These behavioral data suggest that the cognitive impairment by repeated stress may be due to the Nedd4-1 and Proteases inhibitor Fbx2-dependent loss of glutamate receptors in PFC. To understand the
potential mechanism underlying the region specificity of the effects of repeated stress on glutamate receptor expression and function, we examined the level of Nedd4-1 and Fbx2 in PFC, striatum, and hippocampus from control versus stressed young male rats. As shown in Figure 8E, the level of Nedd4-1 was significantly higher in PFC or striatum than in hippocampus from control animals (p < 0.01, n = 8). After repeated stress, Nedd4-1 was significantly elevated in PFC (∼70% increase, p < 0.01, n = 6 pairs) but was significantly reduced in striatum (∼35% decrease, p < 0.01, n = 7 pairs) and unchanged in hippocampus (p > 0.05, n = 8 pairs). Moreover, the level of Fbx2 was significantly
higher in PFC than in striatum or hippocampus from control or stressed animals (Figure 8F, p < 0.01, n = 7 pairs). These results provide a potential reason for the higher sensitivity of PFC to repeated stress than other brain regions, like Lapatinib supplier the striatum and hippocampus.

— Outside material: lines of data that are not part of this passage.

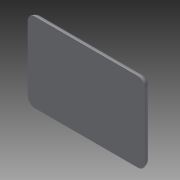
# Autodesk Inventor part: ładowarka usb v2 przykrywka
Saved by Autodesk Inventor 2014 (Build 180170000, 170)
## iProperties
Created: 2017-04-11
Part Number: ładowarka usb v2 przykrywka
Material: Ogólny
Document SubType Name: Modeling
Designer: hpdc7700
Density: 1 g/cm^3
Appearance: Domyślna
Author: hpdc7700
Autodesk Inventor part; units mm, degrees
ref_plane "YZ Plane" through (0, 0, 0) normal (1, 0, 0) x (0, 1, 0)
ref_plane "XZ Plane" through (0, 0, 0) normal (0, 1, 0) x (-1, 0, 0)
ref_plane "XY Plane" through (0, 0, 0) normal (0, 0, 1) x (1, 0, 0)
sketch "Szkic1" plane through (0, 0, 0) normal (0, 1, 0) x (-1, 0, 0)
  spline S0 degree 3 poles (16.25, 1.3463) (16.25, 1.2202) (16.2481, 1.0689) (16.2413, 0.6482) (16.2343, 0.2947) (16.2343, 0) (16.2343, -0.2947) (16.2413, -0.6482) (16.2481, -1.0689) (16.25, -1.2202) (16.25, -1.3463) knots 1.975425 1.975425 1.975425 1.975425 2.013257 2.013257 2.101653 2.101653 2.101653 2.190049 2.190049 2.22788 2.22788 2.22788 2.22788
  line L0 (16.25, 1.3463) -> (16.25, 9)
  arc A0 (16.25, 9) -> (14.25, 11) centre (14.25, 9) ccw
  line L1 (14.25, 11) -> (-14.25, 11)
  arc A1 (-14.25, 11) -> (-16.25, 9) centre (-14.25, 9) ccw
  line L2 (-16.25, 9) -> (-16.25, -9)
  arc A2 (-16.25, -9) -> (-14.25, -11) centre (-14.25, -9) ccw
  line L3 (-14.25, -11) -> (14.25, -11)
  arc A3 (14.25, -11) -> (16.25, -9) centre (14.25, -9) ccw
  line L4 (16.25, -9) -> (16.25, -1.3463)
  line L5 (-14.2536, -9) -> (-14.2536, 9)
  line L6 (-14.2536, 9) -> (14.2464, 9)
  line L7 (14.2464, 9) -> (14.2464, -9)
  line L8 (14.2464, -9) -> (-14.2536, -9)
  spline S1 degree 3 poles (16.25, 1.3463) (16.25, 1.2202) (16.2481, 1.0689) (16.2413, 0.6482) (16.2343, 0.2947) (16.2343, 0) (16.2343, -0.2947) (16.2413, -0.6482) (16.2481, -1.0689) (16.25, -1.2202) (16.25, -1.3463) knots 1.975425 1.975425 1.975425 1.975425 2.013257 2.013257 2.101653 2.101653 2.101653 2.190049 2.190049 2.22788 2.22788 2.22788 2.22788
  line L9 (16.25, 1.3463) -> (16.25, 9)
  arc A4 (16.25, 9) -> (14.25, 11) centre (14.25, 9) ccw
  line L10 (14.25, 11) -> (-14.25, 11)
  arc A5 (-14.25, 11) -> (-16.25, 9) centre (-14.25, 9) ccw
  line L11 (-16.25, 9) -> (-16.25, -9)
  arc A6 (-16.25, -9) -> (-14.25, -11) centre (-14.25, -9) ccw
  line L12 (-14.25, -11) -> (14.25, -11)
  arc A7 (14.25, -11) -> (16.25, -9) centre (14.25, -9) ccw
  line L13 (16.25, -9) -> (16.25, -1.3463)
  line L14 (-14.2536, -9) -> (-14.2536, 9)
  line L15 (-14.2536, 9) -> (14.2464, 9)
  line L16 (14.2464, 9) -> (14.2464, -9)
  line L17 (14.2464, -9) -> (-14.2536, -9)
  point P0 (0, 0)
  point P1 (0, 0)
  constraints: 36 end point, 16 point on circle, 8 centre point, 4 other
extrude "Wyciągnięcie proste1" add sketch "Szkic1" along normal blind 2 contours S0 L4 A3 L3 A2 L2 A1 L1 A0 L0 | L5 L6 L7 L8
fillet "Zaokrąglenie1" radius 2 10 edges at (15.6642, 2, 10.4142) (16.25, 2, 0) (15.6642, 2, -10.4142) (0, 2, -11) (-15.6642, 2, -10.4142) (-16.25, 2, -5.1731) (-16.2343, 2, 0) (-16.25, 2, 5.1731) (-15.6642, 2, 10.4142) (0, 2, 11)
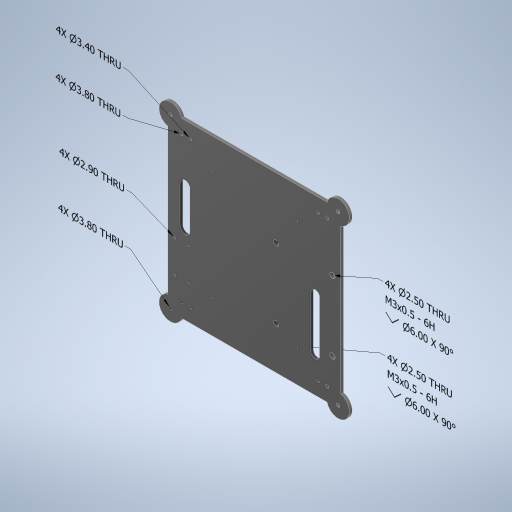
# Autodesk Inventor part: payload_bay_b210_inventor
Saved by Autodesk Inventor 2023.2 (Build 272271030, 271C)
## iProperties
Created: 2023-02-11
Part Number: payload_bay_b210_inventor
Material: ABS Plastic
Document SubType Name: Modeling
Designer: makhi
Density: 1.06 g/cm^3
Appearance: Smooth - White
Author: makhi
Autodesk Inventor part; units mm, degrees
ref_plane "YZ Plane" through (0, 0, 0) normal (1, 0, 0) x (0, 1, 0)
ref_plane "XZ Plane" through (0, 0, 0) normal (0, 1, 0) x (-1, 0, 0)
ref_plane "XY Plane" through (0, 0, 0) normal (0, 0, 1) x (1, 0, 0)
sketch "Board outline" plane through (0, 0, 0) normal (0, 0, 1) x (1, 0, 0)
  line L0 (-95, 95) -> (95, 95)
  line L1 (95, 95) -> (95, -95)
  line L2 (95, -95) -> (-95, -95)
  line L3 (-95, -95) -> (-95, 95)
  circle A0 centre (92, 92) radius 12.5002
  circle A1 centre (-92, 92) radius 12.5002
  circle A2 centre (92, -92) radius 12.5002
  circle A3 centre (-92, -92) radius 12.5002
  point P0 (-79.8652, -95)
  point P1 (79.8652, -95)
  point P2 (95, -79.8651)
  point P3 (95, 79.8651)
  point P4 (79.8652, 95)
  point P5 (-79.8652, 95)
  point P6 (-95, 79.8651)
  point P7 (-95, -79.8651)
  constraints: 8 end point, 4 centre point, 2 parallel, 1 horizontal, 1 perpendicular
extrude "Extrusion1" add sketch "Board outline" along normal blind 3
sketch "Level 2-3 #6 standoff holes" plane through (0, 0, 3) normal (0, 0, 1) x (1, 0, 0)
  circle A0 centre (92, 92) radius 1.8984
  circle A1 centre (-92, -92) radius 1.8984
  circle A2 centre (-92, 92) radius 1.8984
  circle A3 centre (92, -92) radius 1.8984
  constraints: 4 centre point
sketch "B210 countersink holes" plane through (0, 0, 0) normal (0, 0, 1) x (1, 0, 0)
  circle A0 centre (46.8, 60) radius 1.4998
  circle A1 centre (-46.8, 60) radius 1.4998
  circle A2 centre (46.8, -60) radius 1.4998
  circle A3 centre (-46.8, -60) radius 1.4998
  constraints: 4 centre point
sketch "OpenUPS mount holes" plane through (0, 0, 3) normal (0, 0, 1) x (1, 0, 0)
  circle A0 centre (85.86, 28.3) radius 1.5002
  circle A1 centre (85.86, -48.3) radius 1.5002
  circle A2 centre (24.14, 28.3) radius 1.5002
  circle A3 centre (24.14, -48.3) radius 1.5002
  constraints: 4 centre point
hole "Hole2" at (46.8, 60, 0) at (-46.8, 60, 0) at (-46.8, -60, 0) at (46.8, -60, 0) direction (0, 0, 1) diameter 2.459 end through all countersink diameter 6 countersink angle 90 thread size "M3x0.5" class "6H" standard "ISO Metric profile"
hole "Hole3" at (24.14, 28.3, 3) at (85.86, 28.3, 3) at (85.86, -48.3, 3) at (24.14, -48.3, 3) direction (0, 0, -1) diameter 2.459 end through all countersink diameter 6 countersink angle 90 thread size "M3x0.5" class "6H" standard "ISO Metric profile"
sketch "Level 1-2 #6 standoff holes" plane through (0, 0, 3) normal (0, 0, 1) x (1, 0, 0)
  circle A0 centre (80, 80) radius 1.8983
  circle A1 centre (-80, 80) radius 1.8983
  circle A2 centre (80, -80) radius 1.8983
  circle A3 centre (-80, -80) radius 1.8983
  constraints: 4 centre point
sketch "Level 1 M3 standoff holes" plane through (0, 0, 3) normal (0, 0, 1) x (1, 0, 0)
  circle A0 centre (70, 80) radius 1.4998
  circle A1 centre (-70, 80) radius 1.4998
  circle A2 centre (-70, -80) radius 1.4998
  circle A3 centre (70, -80) radius 1.4998
  constraints: 4 centre point
hole "Hole4" at (-70, 80, 3) at (70, 80, 3) at (70, -80, 3) at (-70, -80, 3) direction (0, 0, -1) diameter 3.4 end through all clearance for "Flat Head Machine Screw" size "M3" standard "Ansi Metric M Profile"
hole "Hole5" at (-80, 80, 3) at (80, 80, 3) at (80, -80, 3) at (-80, -80, 3) direction (0, 0, -1) diameter 3.797 end through all clearance for "Flat Head Machine Screw (82)" size "#6" standard "Ansi Unified Screw Threads"
hole "Hole6" at (-92, -92, 3) at (92, -92, 3) at (92, 92, 3) at (-92, 92, 3) direction (0, 0, -1) diameter 3.797 end through all clearance for "Flat Head Machine Screw (82)" size "#6" standard "Ansi Unified Screw Threads"
sketch "Cable cutouts" plane through (0, 0, 3) normal (0, 0, 1) x (1, 0, 0)
  line L0 (-76.0002, 58.0001) -> (-75.9998, 58.0001)
  line L1 (-75.9998, 5.9999) -> (-76.0002, 5.9999)
  arc A0 (-81.5002, -8.5001) -> (-76.0002, -14.0001) centre (-76.0002, -8.5001) ccw
  arc A1 (-70.4998, 32.5001) -> (-75.9998, 38.0001) centre (-75.9998, 32.5001) ccw
  arc A2 (-76.0002, 38.0001) -> (-81.5002, 32.5001) centre (-76.0002, 32.5001) ccw
  line L2 (-81.5002, -8.5001) -> (-81.5002, 32.5001)
  line L3 (-75.9998, -14.0001) -> (-76.0002, -14.0001)
  line L4 (-70.4998, 32.5001) -> (-70.4998, -8.5001)
  line L5 (-76.0002, 38.0001) -> (-75.9998, 38.0001)
  arc A3 (-75.9998, -14.0001) -> (-70.4998, -8.5001) centre (-75.9998, -8.5001) ccw
  line L6 (66.8002, 5.2998) -> (66.7998, 5.2998)
  line L7 (71.7998, 0.2998) -> (71.7998, -55.6998)
  line L8 (66.7998, -60.6998) -> (66.8002, -60.6998)
  line L9 (61.8002, -55.6998) -> (61.8002, 0.2998)
  arc A4 (66.8002, 5.2998) -> (61.8002, 0.2998) centre (66.8002, 0.2998) ccw
  arc A5 (71.7998, 0.2998) -> (66.7998, 5.2998) centre (66.7998, 0.2998) ccw
  arc A6 (61.8002, -55.6998) -> (66.8002, -60.6998) centre (66.8002, -55.6998) ccw
  arc A7 (66.7998, -60.6998) -> (71.7998, -55.6998) centre (66.7998, -55.6998) ccw
  point P0 (66.8, -27.7)
  point P1 (66.8, 5.2998)
  dimension "d58" = 5.5
  dimension "d60" = 5
  constraints: 20 end point, 16 point on circle, 16 tangent, 8 centre point, 6 equal radius, 5 parallel, 3 horizontal, 2 perpendicular
  measures "d58" radius of A2
  measures "d60" radius of A4
extrude "Extrusion2" cut sketch "Cable cutouts" against normal blind 3
sketch "5v Pololu regulator mount holes" plane through (0, 0, 3) normal (0, 0, 1) x (1, 0, 0)
  circle A0 centre (-72.5, -22.25) radius 1.2501
  circle A1 centre (-87.5, -22.25) radius 1.2501
  circle A2 centre (-72.5, -57.75) radius 1.2501
  circle A3 centre (-87.5, -57.75) radius 1.2501
  constraints: 4 centre point
hole "Hole7" at (-87.5, -22.25, 3) at (-72.5, -22.25, 3) at (-72.5, -57.75, 3) at (-87.5, -57.75, 3) direction (0, 0, -1) diameter 2.9 end through all clearance for "Flat Head Machine Screw" size "M2.5" standard "Ansi Metric M Profile"
body "Solid1"

In the present study, we have identified glutamate receptors as an important molecular substrate of repeated stress. Given the significance of glutamatergic signaling in PFC-mediated cognitive processes (Goldman-Rakic, 1995 and Lisman et al., 1998), it is not surprising that repeated stress impairs the object recognition memory, which is reminiscent of the memory deficits following bilateral infusion of glutamate receptor antagonists directly into PFC. The loss of PFC glutamatergic responses could also underlie the stress-induced other behavioral impairments found earlier (Liston
et al., 2006, Cerqueira et al., 2005 and Cerqueira et al., 2007). Mounting evidence has suggested that stress induces divergent changes in different brain regions (de Kloet et al., 2005 and McEwen, 2007). Chronic stress causes atrophy of dendrites in the CA3 region, suppresses neurogenesis of dentate gyrus granule neurons, and impairs hippocampal-dependent cognitive functions (McEwen, 1999 and Joëls unless et al., 2007). High levels of corticosterone or chronic stress also impair long-term potentiation (LTP) and facilitate long-term depression (LTD) induced by electrical stimulation in hippocampus (Kim and Diamond, 2002 and Alfarez et al., 2003). On the other hand, chronic stress has been shown to enhance amygdala-dependent fear conditioning (Conrad et al., 1999) and anxiety-like behavior (Mitra et al., 2005), which may be correlated to the stress-induced dendritic growth and spinogenesis in this region (Vyas et al., 2002 and Mitra et al., 2005). In this study, we have demonstrated that glutamatergic transmission in PFC pyramidal neurons is significantly suppressed in young male rats exposed to repeated stress, without the apparent loss of synapses.